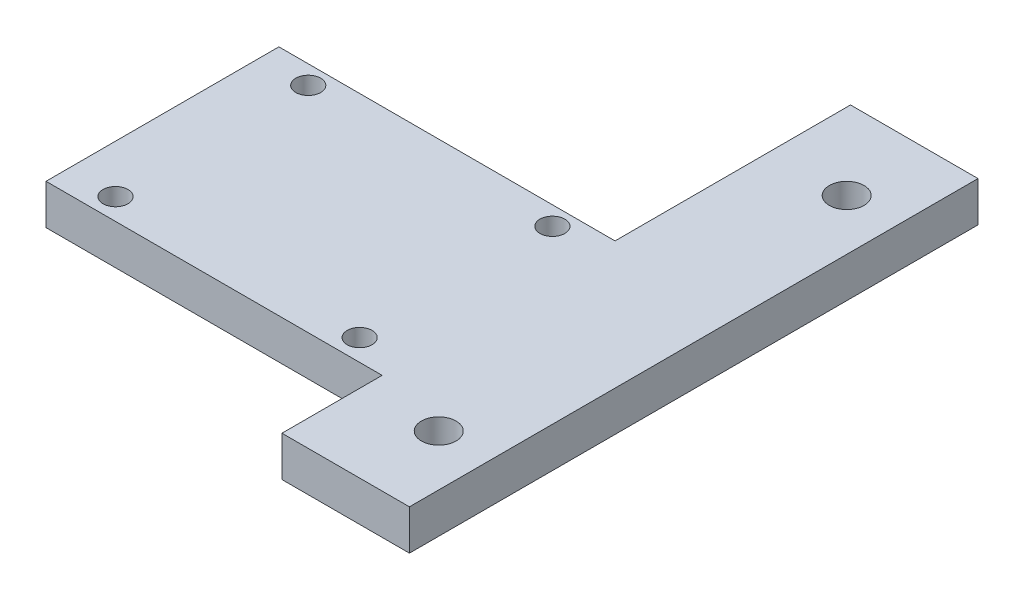
from build123d import *

# Parameters (mm, degrees)
SKETCH1_R           = 2.159
SKETCH1_R_2         = 1.55
BOSS_EXTRUDE1_DEPTH = 5


with BuildPart() as part:
    # Sketch1 → Boss-Extrude1 (new body)
    with BuildSketch(Plane(origin=(0, 0, 0), x_dir=(1, 0, 0), z_dir=(0, 1, 0))):
        Polygon((36.55, 27.14922), (36.55, -43.65078), (20.675, -43.65078), (20.675, -31.173955128), (-21.18269604, -31.173955128), (-21.18269604, -2.173955128), (20.675, -2.173955128), (20.675, 27.14922), align=None)
        with Locations((30.2, -33.65078)):
            Circle(SKETCH1_R, mode=Mode.SUBTRACT)
        with Locations((-15.2, -28.50156)):
            Circle(SKETCH1_R_2, mode=Mode.SUBTRACT)
        with Locations((15.19999, -28.50156)):
            Circle(SKETCH1_R_2, mode=Mode.SUBTRACT)
        with Locations((-15.2, -4.50156)):
            Circle(SKETCH1_R_2, mode=Mode.SUBTRACT)
        with Locations((15.2, -4.50156)):
            Circle(SKETCH1_R_2, mode=Mode.SUBTRACT)
        with Locations((30.2, 17.14922)):
            Circle(SKETCH1_R, mode=Mode.SUBTRACT)
    extrude(amount=BOSS_EXTRUDE1_DEPTH)


solid = part.part
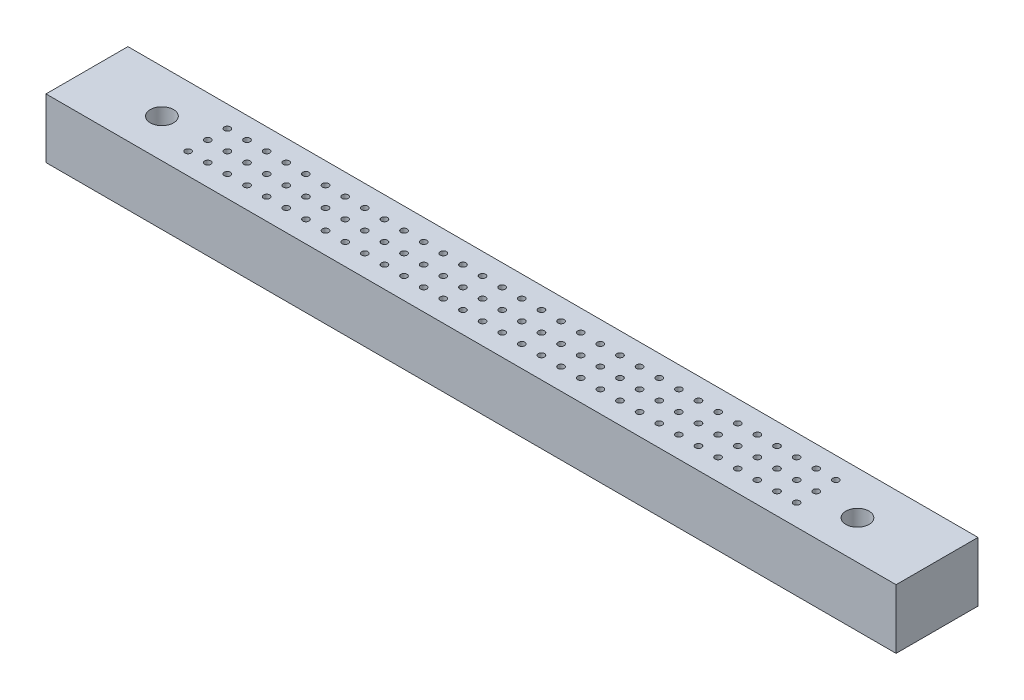
from build123d import *

# Parameters (mm, degrees)
SKETCH1_W                  = 110
SKETCH1_H                  = 10
SKETCH1_R                  = 1.5
BOSS_EXTRUDE1_DEPTH        = 7.7
F_0_8_0_8_DIAMETER_HOLE1_D = 0.8
LPATTERN1_COUNT            = 32
LPATTERN1_PITCH            = 2.54
SKETCH6_W                  = 110
SKETCH6_H                  = 7.7
BOSS_EXTRUDE4_DEPTH        = 0.6
F_1_0MM_DOWEL_HOLE2_D      = 1
F_1_0MM_DOWEL_HOLE2_DEPTH  = 4
F_1_0MM_DOWEL_HOLE2_TIP    = 0.30043031


with BuildPart() as part:
    # Sketch1 → Boss-Extrude1 (new body)
    with BuildSketch(Plane(origin=(0, 0, 0), x_dir=(1, 0, 0), z_dir=(0, 1, 0))):
        Rectangle(SKETCH1_W, SKETCH1_H)
        with Locations((45, 0)):
            Circle(SKETCH1_R, mode=Mode.SUBTRACT)
        with Locations((-45, 0)):
            Circle(SKETCH1_R, mode=Mode.SUBTRACT)
    extrude(amount=BOSS_EXTRUDE1_DEPTH)

    # Ø0.8 (0.8) Diameter Hole1 (through all)
    with Locations(Plane(origin=(-39.37, 7.7, -2.84), x_dir=(0, 0, 1), z_dir=(0, 1, 0))):
        with Locations((0, 0), (2.54, 0), (5.08, 0)):
            f_0_8_0_8_diameter_hole1 = Hole(F_0_8_0_8_DIAMETER_HOLE1_D / 2)

    # LPattern1: Ø0.8 (0.8) Diameter Hole1 ×32
    with Locations(*[(i * LPATTERN1_PITCH, 0, 0) for i in range(1, LPATTERN1_COUNT)]):
        add(f_0_8_0_8_diameter_hole1, mode=Mode.SUBTRACT)

    # Sketch6 → Boss-Extrude4 (add)
    with BuildSketch(Plane(origin=(0, 0, -5), x_dir=(-1, 0, 0), z_dir=(0, 0, -1))):
        with Locations((0, 3.85)):
            Rectangle(SKETCH6_W, SKETCH6_H)
    extrude(amount=BOSS_EXTRUDE4_DEPTH)

    # Ø1.0mm Dowel Hole2
    with Locations(Plane(origin=(-50, 0, -0.3), x_dir=(0, 0, -1), z_dir=(0, -1, 0))):
        with Locations((0, 0), (0, 100)):
            Hole(F_1_0MM_DOWEL_HOLE2_D / 2, depth=F_1_0MM_DOWEL_HOLE2_DEPTH)
            with Locations((0, 0, -(F_1_0MM_DOWEL_HOLE2_DEPTH + F_1_0MM_DOWEL_HOLE2_TIP / 2))):  # 118° drill point
                Cone(0, F_1_0MM_DOWEL_HOLE2_D / 2, F_1_0MM_DOWEL_HOLE2_TIP, mode=Mode.SUBTRACT)


solid = part.part

• _EXERCISE OBJECTIVE_:
Where an image appears in the data, skip it, and return the rest verbatim.

• _EXPECTED ANSWER_:
from build123d import *

# Parameters (mm, degrees)
SKETCH1_R           = 2.159
SKETCH1_R_2         = 1.55
BOSS_EXTRUDE1_DEPTH = 5


with BuildPart() as part:
    # Sketch1 → Boss-Extrude1 (new body)
    with BuildSketch(Plane(origin=(0, 0, 0), x_dir=(1, 0, 0), z_dir=(0, 1, 0))):
        Polygon((36.55, 27.14922), (36.55, -43.65078), (20.675, -43.65078), (20.675, -31.173955128), (-21.18269604, -31.173955128), (-21.18269604, -2.173955128), (20.675, -2.173955128), (20.675, 27.14922), align=None)
        with Locations((30.2, -33.65078)):
            Circle(SKETCH1_R, mode=Mode.SUBTRACT)
        with Locations((-15.2, -28.50156)):
            Circle(SKETCH1_R_2, mode=Mode.SUBTRACT)
        with Locations((15.19999, -28.50156)):
            Circle(SKETCH1_R_2, mode=Mode.SUBTRACT)
        with Locations((-15.2, -4.50156)):
            Circle(SKETCH1_R_2, mode=Mode.SUBTRACT)
        with Locations((15.2, -4.50156)):
            Circle(SKETCH1_R_2, mode=Mode.SUBTRACT)
        with Locations((30.2, 17.14922)):
            Circle(SKETCH1_R, mode=Mode.SUBTRACT)
    extrude(amount=BOSS_EXTRUDE1_DEPTH)


solid = part.part
from build123d import *

# Parameters (mm, degrees)
SKETCH1_W                  = 110
SKETCH1_H                  = 10
SKETCH1_R                  = 1.5
BOSS_EXTRUDE1_DEPTH        = 7.7
F_0_8_0_8_DIAMETER_HOLE1_D = 0.8
LPATTERN1_COUNT            = 32
LPATTERN1_PITCH            = 2.54
SKETCH6_W                  = 110
SKETCH6_H                  = 7.7
BOSS_EXTRUDE4_DEPTH        = 0.6
F_1_0MM_DOWEL_HOLE2_D      = 1
F_1_0MM_DOWEL_HOLE2_DEPTH  = 4
F_1_0MM_DOWEL_HOLE2_TIP    = 0.30043031


with BuildPart() as part:
    # Sketch1 → Boss-Extrude1 (new body)
    with BuildSketch(Plane(origin=(0, 0, 0), x_dir=(1, 0, 0), z_dir=(0, 1, 0))):
        Rectangle(SKETCH1_W, SKETCH1_H)
        with Locations((45, 0)):
            Circle(SKETCH1_R, mode=Mode.SUBTRACT)
        with Locations((-45, 0)):
            Circle(SKETCH1_R, mode=Mode.SUBTRACT)
    extrude(amount=BOSS_EXTRUDE1_DEPTH)

    # Ø0.8 (0.8) Diameter Hole1 (through all)
    with Locations(Plane(origin=(-39.37, 7.7, -2.84), x_dir=(0, 0, 1), z_dir=(0, 1, 0))):
        with Locations((0, 0), (2.54, 0), (5.08, 0)):
            f_0_8_0_8_diameter_hole1 = Hole(F_0_8_0_8_DIAMETER_HOLE1_D / 2)

    # LPattern1: Ø0.8 (0.8) Diameter Hole1 ×32
    with Locations(*[(i * LPATTERN1_PITCH, 0, 0) for i in range(1, LPATTERN1_COUNT)]):
        add(f_0_8_0_8_diameter_hole1, mode=Mode.SUBTRACT)

    # Sketch6 → Boss-Extrude4 (add)
    with BuildSketch(Plane(origin=(0, 0, -5), x_dir=(-1, 0, 0), z_dir=(0, 0, -1))):
        with Locations((0, 3.85)):
            Rectangle(SKETCH6_W, SKETCH6_H)
    extrude(amount=BOSS_EXTRUDE4_DEPTH)

    # Ø1.0mm Dowel Hole2
    with Locations(Plane(origin=(-50, 0, -0.3), x_dir=(0, 0, -1), z_dir=(0, -1, 0))):
        with Locations((0, 0), (0, 100)):
            Hole(F_1_0MM_DOWEL_HOLE2_D / 2, depth=F_1_0MM_DOWEL_HOLE2_DEPTH)
            with Locations((0, 0, -(F_1_0MM_DOWEL_HOLE2_DEPTH + F_1_0MM_DOWEL_HOLE2_TIP / 2))):  # 118° drill point
                Cone(0, F_1_0MM_DOWEL_HOLE2_D / 2, F_1_0MM_DOWEL_HOLE2_TIP, mode=Mode.SUBTRACT)


solid = part.part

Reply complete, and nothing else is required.